Depuis deux ans alors que nous ne cessons de demander au Gouvernement d’engager des vraies réformes de structure, il conviendrait peut-être de s’opposer plus intelligemment aux annonces du Président de la République sans rejeter en bloc tout ce qui est mis sur la table.

L’UMP doit aujourd’hui peser de tout son poids pour convaincre le Gouvernement d’aller plus loin et plus vite sur la suppression des départements, sur l’élection au suffrage universel des présidents d’intercommunalité, sur une redéfinition claire des compétences et des moyens de chaque niveau restant de collectivité locale.

Après tout, si nous obtenions ces avancées, pourquoi ne pas proposer au Président de la République une majorité forte pour modifier la Constitution lors d’un prochain Congrès du Parlement?

Car justement en matière de Constitution, là encore je marque ma différence avec toutes celles et ceux qui en appellent au référendum. C’est une chose de se draper dans des habits gaulliens, il en est une autre de constater que l’électeur des années soixante ne se comporte plus dans les urnes comme l’électeur d’aujourd’hui…pour autant qu’il s’y déplace et en l’occurrence qu’il réponde à la question posée !

Après 30 ans de chômage de masse et d’effondrement des comptes publics, la classe politique française a perdu toute crédibilité aux yeux des électeurs et d’une certaine manière ces derniers se “vengent” à chaque consultation électorale. Et notamment lors des référendums qui leur offrent l’occasion de sanctionner les Présidents ou les Ministres qui les portent. Souvenez-vous de 2003 (Corse), de 2005 (Constitution européenne), de 2010 (Guadeloupe) ou encore récemment de 2013 (Alsace)…

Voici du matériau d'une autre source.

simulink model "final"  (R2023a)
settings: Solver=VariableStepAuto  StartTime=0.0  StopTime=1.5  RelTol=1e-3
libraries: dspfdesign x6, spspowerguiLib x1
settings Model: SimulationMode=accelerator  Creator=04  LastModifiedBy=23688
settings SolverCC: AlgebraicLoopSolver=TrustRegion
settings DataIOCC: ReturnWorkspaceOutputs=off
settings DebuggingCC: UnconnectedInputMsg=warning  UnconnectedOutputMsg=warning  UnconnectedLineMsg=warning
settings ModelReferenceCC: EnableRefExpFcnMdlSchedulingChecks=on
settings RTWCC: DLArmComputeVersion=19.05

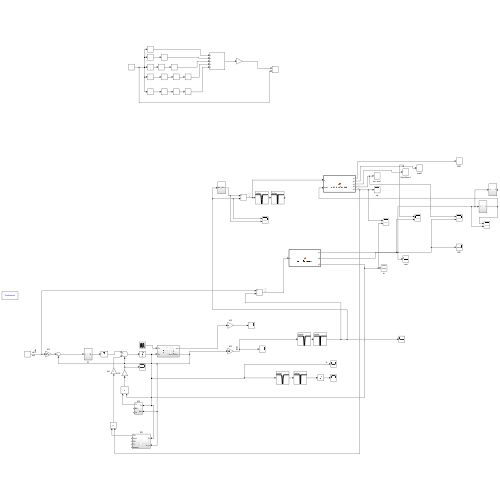
[thumbnail: Simulink's stored preview of the top-level diagram]
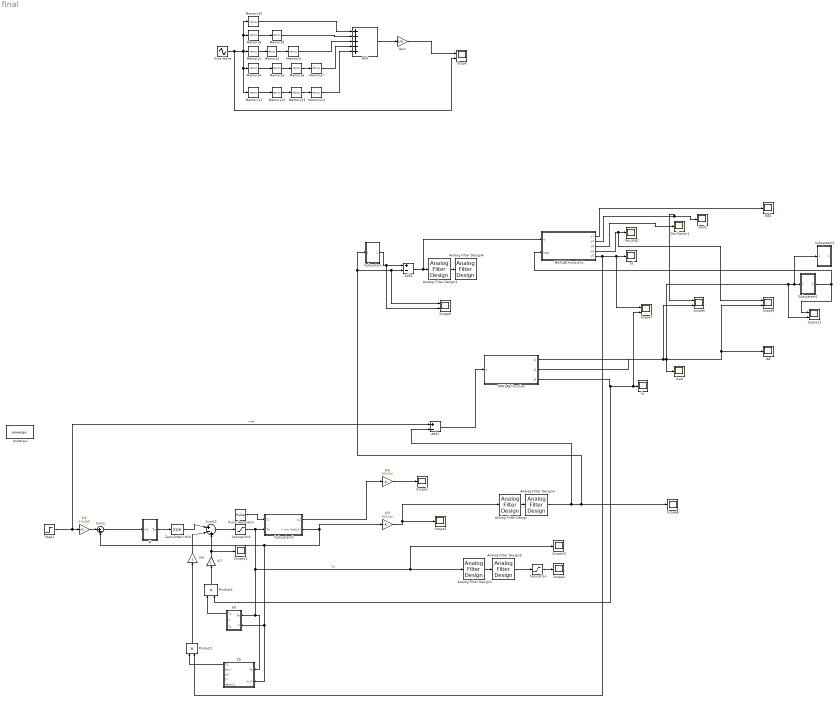
== system final ==
  Add : Sum  Inputs=+++++
  Add1 : Sum  Inputs=+-
  Add2 : Sum  Inputs=+-
  Analog Filter Design : dspfdesign/Analog Filter Design  method=Butterworth  filttype=Bandstop  N=12  Wlo=700*2*pi  Whi=1300*2*pi  Rp=2  Rs=40
  Analog Filter Design1 : dspfdesign/Analog Filter Design  method=Butterworth  filttype=Bandstop  N=2  Wlo=700*2*pi  Whi=1300*2*pi  Rp=2  Rs=40
  Analog Filter Design2 : dspfdesign/Analog Filter Design  method=Butterworth  filttype=Bandstop  N=12  Wlo=700*2*pi  Whi=1300*2*pi  Rp=2  Rs=40
  Analog Filter Design3 : dspfdesign/Analog Filter Design  method=Butterworth  filttype=Bandstop  N=12  Wlo=900*2*pi  Whi=1100*2*pi  Rp=2  Rs=40
  Analog Filter Design4 : dspfdesign/Analog Filter Design  method=Butterworth  filttype=Bandstop  N=12  Wlo=900*2*pi  Whi=1100*2*pi  Rp=2  Rs=40
  Analog Filter Design5 : dspfdesign/Analog Filter Design  method=Butterworth  filttype=Bandstop  N=2  Wlo=950*2*pi  Whi=1050*2*pi  Rp=2  Rs=40
  Gain : Gain  Gain=1/5
  IAE : Scope
  IAE1 : Scope
  Iae_avg1 : Scope
  KR : Subsystem
  Ki2 : Gain  Gain=2*pi/60
  Ki3 : Gain  Gain=60/2/pi
  Ki5 : Gain  Gain=60/2/pi
  Ki6 : Gain
  Ki7 : Gain
  MATLAB Function : MATLAB Function  TreatAsAtomicUnit=on
  MATLAB Function1 : MATLAB Function  TreatAsAtomicUnit=on
  Memory{1..14} (14 alike) : Memory  InitialCondition=0.001
  Oscillation1 : Scope
  PI : Subsystem
  Product1 : Product
  Product2 : Product
  Pulse Generator : DiscretePulseGenerator  PulseType=Time based  Amplitude=2.39*0.5*1  Period=0.8  PulseWidth=50  PhaseDelay=0.4
  Saturation : Saturate  UpperLimit=2.39*3  LowerLimit=-2.39*3  ZeroCross=off
  Saturation3 : Saturate  UpperLimit=2.39*3  LowerLimit=-2.39*3
  Scope{,5..7,9,11} (6 alike) : Scope  NumInputPorts=2
  Scope{1..3,8,10,12} (6 alike) : Scope
  Sine Wave : Sin  Frequency=1000*2*pi  SampleTime=0
  Step2 : Step  Time=0.01  After=1000  SampleTime=0
  Subsystem : Subsystem
  Subsystem1 : Subsystem
  Subsystem2 : Subsystem
  Subsystem3 : Subsystem
  Sum13 : Sum  Inputs=|+-+
  Sum2 : Sum  Inputs=|+-
  ZD : Subsystem
  Zero-Order Hold : ZeroOrderHold  SampleTime=0.0005
  kr : Scope
  load : Scope
  load1 : Scope
  powergui : spspowerguiLib/powergui  Priority=1  SimulationMode=Continuous  SampleTime=50e-6  frequency=60  Iterations=50  frequencyindice=60  Pbase=100e6  ErrMax=1e-4  UnitsV=kV  UnitsW=MW  buscounter=0  FunctionMessages=off  echomessages=off  EnableUseOfTLC=off  CurrentSourceSwitches=off  DisableSnubberDevices=off  DisableRonSwitches=off  DisableVfSwitches=off  DisplayEquations=off  AutomaticDiscreteSolvers=off  SolverType=Tustin/Backward Euler (TBE)  Interpol=off  ExternalGateDelay=off  methode=off  Ts=100  x0status=blocks  SPID=on  SwTol=0  HookPort=off  NonlinearTolerance=1e-4  nMaxIteration=100  ContinueOnMaxIteration=off  RestoreLinks=warning  ResistiveCurrentMeasurement=off  Frange=[0:2:500]  Ylog=off  Xlog=on  ShowGrid=off  save=off  variable=ZData  structure=0  ZoomFFT=off  StartTime=0.0  cycles=1  DisplayStyle=1  fundamental=60  FreqAxis=off  MaxFrequency=1000  frequencyindicesteady=1  RmsSteady=1  display=off
  zd : Scope
  wires:
  Memory1/1 -> Memory2/1
  Memory2/1 -> Memory3/1
  Memory4/1 -> Memory5/1
  Memory5/1 -> Memory6/1
  Memory6/1 -> Memory7/1
  Memory8/1 -> Memory9/1
  Memory10/1 -> Add/1
  Memory9/1 -> Add/2
  Memory3/1 -> Add/3
  Memory7/1 -> Add/4
  Memory14/1 -> Add/5
  Memory13/1 -> Memory14/1
  Memory12/1 -> Memory13/1
  Memory11/1 -> Memory12/1
  Sine Wave/1 -> Scope/2, Memory10/1, Memory8/1, Memory11/1, Memory4/1, Memory1/1
  Add/1 -> Gain/1
  Gain/1 -> Scope/1
  Ki5/1 -> Scope1/1
  Step2/1 -> Add1/1, Ki2/1  "wref"
  Add1/1 -> MATLAB Function/1(e)
  Saturation3/1 -> Subsystem2/2(Te), Scope10/1, Analog Filter Design1/1, ZD/1(Te), KR/1(Te)  "Te"
  MATLAB Function/1(y1) -> IAE/1, Scope6/2
  Analog Filter Design/1 -> Analog Filter Design3/1
  Sum13/1 -> Saturation3/1
  Ki7/1 -> Sum13/3, Scope12/1
  Product1/1 -> Ki6/1
  Ki6/1 -> Sum13/2
  Product2/1 -> Ki7/1
  Ki3/1 -> Analog Filter Design/1, Scope3/1
  Ki2/1 -> Sum2/1
  MATLAB Function1/2(y2) -> Scope5/1, load1/1
  MATLAB Function1/3(y3) -> Oscillation1/1
  MATLAB Function1/4(y4) -> Scope6/1, Iae_avg1/1
  MATLAB Function1/1(y1) -> IAE1/1
  MATLAB Function1/5(y5) -> Scope7/1, zd/1, Product1/2
  Analog Filter Design2/1 -> Analog Filter Design4/1
  Add2/1 -> MATLAB Function1/1(e), Analog Filter Design2/1
  MATLAB Function/3(y3) -> Scope7/2, kr/1, Product2/2
  Subsystem/1(wm_filter) -> Scope9/2, Add2/1
  Analog Filter Design3/1 -> Scope8/1, Scope9/1, Add2/2, Subsystem/1(In1), Add1/2
  MATLAB Function/2(y2) -> Scope5/2, load/1, Scope11/2, Subsystem3/1(In1), Subsystem1/1(In1)
  Subsystem1/1(Out1) -> Scope11/1, MATLAB Function1/2(load)
  Analog Filter Design1/1 -> Analog Filter Design5/1
  Analog Filter Design5/1 -> Saturation/1
  Saturation/1 -> Scope2/1
  Sum2/1 -> PI/1(In1)
  Subsystem2/2(< wm (rad/s)>) -> Ki3/1, Sum2/2, ZD/2(w_m), KR/2(Wm)
  Pulse Generator/1 -> Subsystem2/1(TL)
  Subsystem2/1(w2) -> Ki5/1
  KR/1(TL) -> Product2/1
  ZD/1(TS) -> Product1/1
  PI/1(Te) -> Zero-Order Hold/1
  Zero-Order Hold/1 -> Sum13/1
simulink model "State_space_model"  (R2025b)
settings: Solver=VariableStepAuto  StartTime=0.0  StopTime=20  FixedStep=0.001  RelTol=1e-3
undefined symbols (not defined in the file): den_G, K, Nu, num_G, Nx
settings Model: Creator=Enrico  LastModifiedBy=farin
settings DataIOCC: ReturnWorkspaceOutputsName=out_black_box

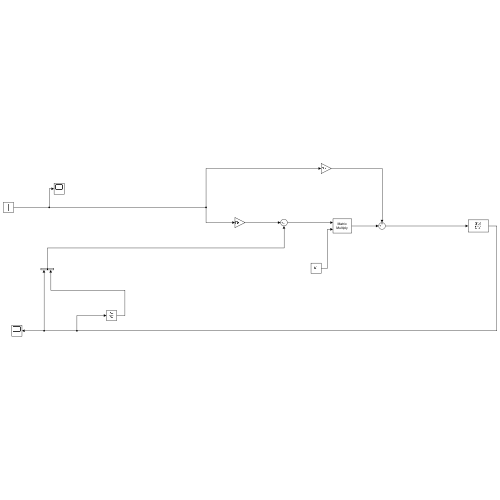
[thumbnail: Simulink's stored preview of the top-level diagram]
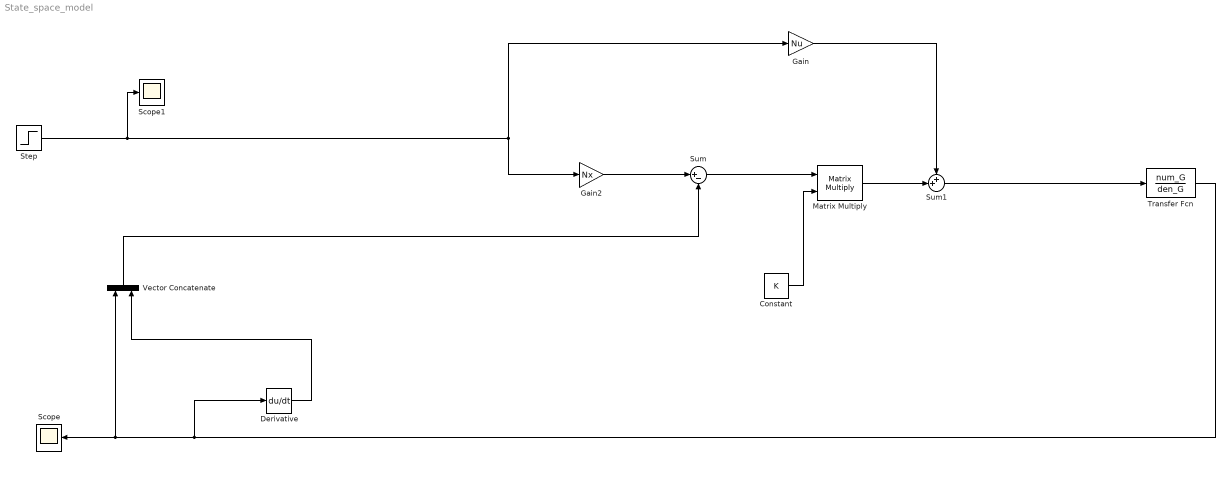
== system State_space_model ==
  Constant : Constant  Value=K
  Derivative : Derivative
  Gain : Gain  Gain=Nu
  Gain2 : Gain  Gain=Nx
  Matrix Multiply : Product  Multiplication=Matrix(*)
  Scope : Scope
      settings: ActiveDisplayYMinimum=0.0024538323374758142  ActiveDisplayYMaximum=0.917535895593973
  Scope1 : Scope
      settings: ActiveDisplayYMinimum=0.10992598764248118  ActiveDisplayYMaximum=1.0893336957280548
  Step : Step  SampleTime=0
  Sum : Sum  Inputs=|+-
  Sum1 : Sum  Inputs=++|
  Transfer Fcn : TransferFcn  Numerator=num_G  Denominator=den_G
  Vector Concatenate : Concatenate
  wires:
  Transfer Fcn/1 -> Derivative/1, Scope/1, Vector Concatenate/1
  Derivative/1 -> Vector Concatenate/2
  Vector Concatenate/1 -> Sum/2
  Step/1 -> Scope1/1, Gain2/1, Gain/1
  Gain/1 -> Sum1/1
  Gain2/1 -> Sum/1
  Sum1/1 -> Transfer Fcn/1
  Sum/1 -> Matrix Multiply/1
  Constant/1 -> Matrix Multiply/2
  Matrix Multiply/1 -> Sum1/2

Par conséquent, sur un sujet aussi important que la réforme territoriale, cessons d’adopter des postures gaulliennes de pure forme. Je les préfère lorsqu’elles permettent d’alerter l’opinion, ce fut le cas de Xavier Bertrand récemment, sur les coupes budgétaires supplémentaires qui étaient projetées sur nos Armées alors même que l’actuel Président de la République ne les a jamais autant sollicitées sur des opérations extérieures…là oui soyons gaulliens pour défendre la souveraineté de la France!

Les élus de la République doivent prendre leurs responsabilités et assumer de porter des changements qui vont à l’encontre des particularismes locaux.
Si nous élisons un Parlement, c’est pour cela !

Pour conclure, une fois n’est pas coutume, je veux saluer une forme de courage politique de la part de François Hollande et Manuel Valls car ils s’engagent dans un processus impopulaire dans leur propre parti politique mais également, in fine, au niveau de l’opinion publique car ne nous faisons pas d’illusion sur l’un des objectifs de cette réforme : moins d’Etat sur le territoire, donc moins de Préfectures, de sous-préfectures, etc, etc…de nombreuses villes moyennes aujourd’hui équipées des attributs d’une Préfecture ou de capitale départementale vont nécessairement les perdre !

Ce raisonnement est également valable pour nous en Essonne, je dis ça à tous ceux qui pensent que se regrouper contre l’agglomération d’Evry leur offrira un meilleur avenir…non seulement ils se fragilisent eux-mêmes, mais ils fragilisent aussi la pérennité même d’Evry comme territoire socle du développement du Sud Francilien si pendant ce temps d’autres savent se fédérer (Melun/Sénart à l’est et Massy/Palaiseau/Les Ulis au nord ouest).

L’heure n’est plus aux petits calculs politiciens, l’heure est au choix historique. La France ne peut plus attendre de vraies décisions pour son avenir.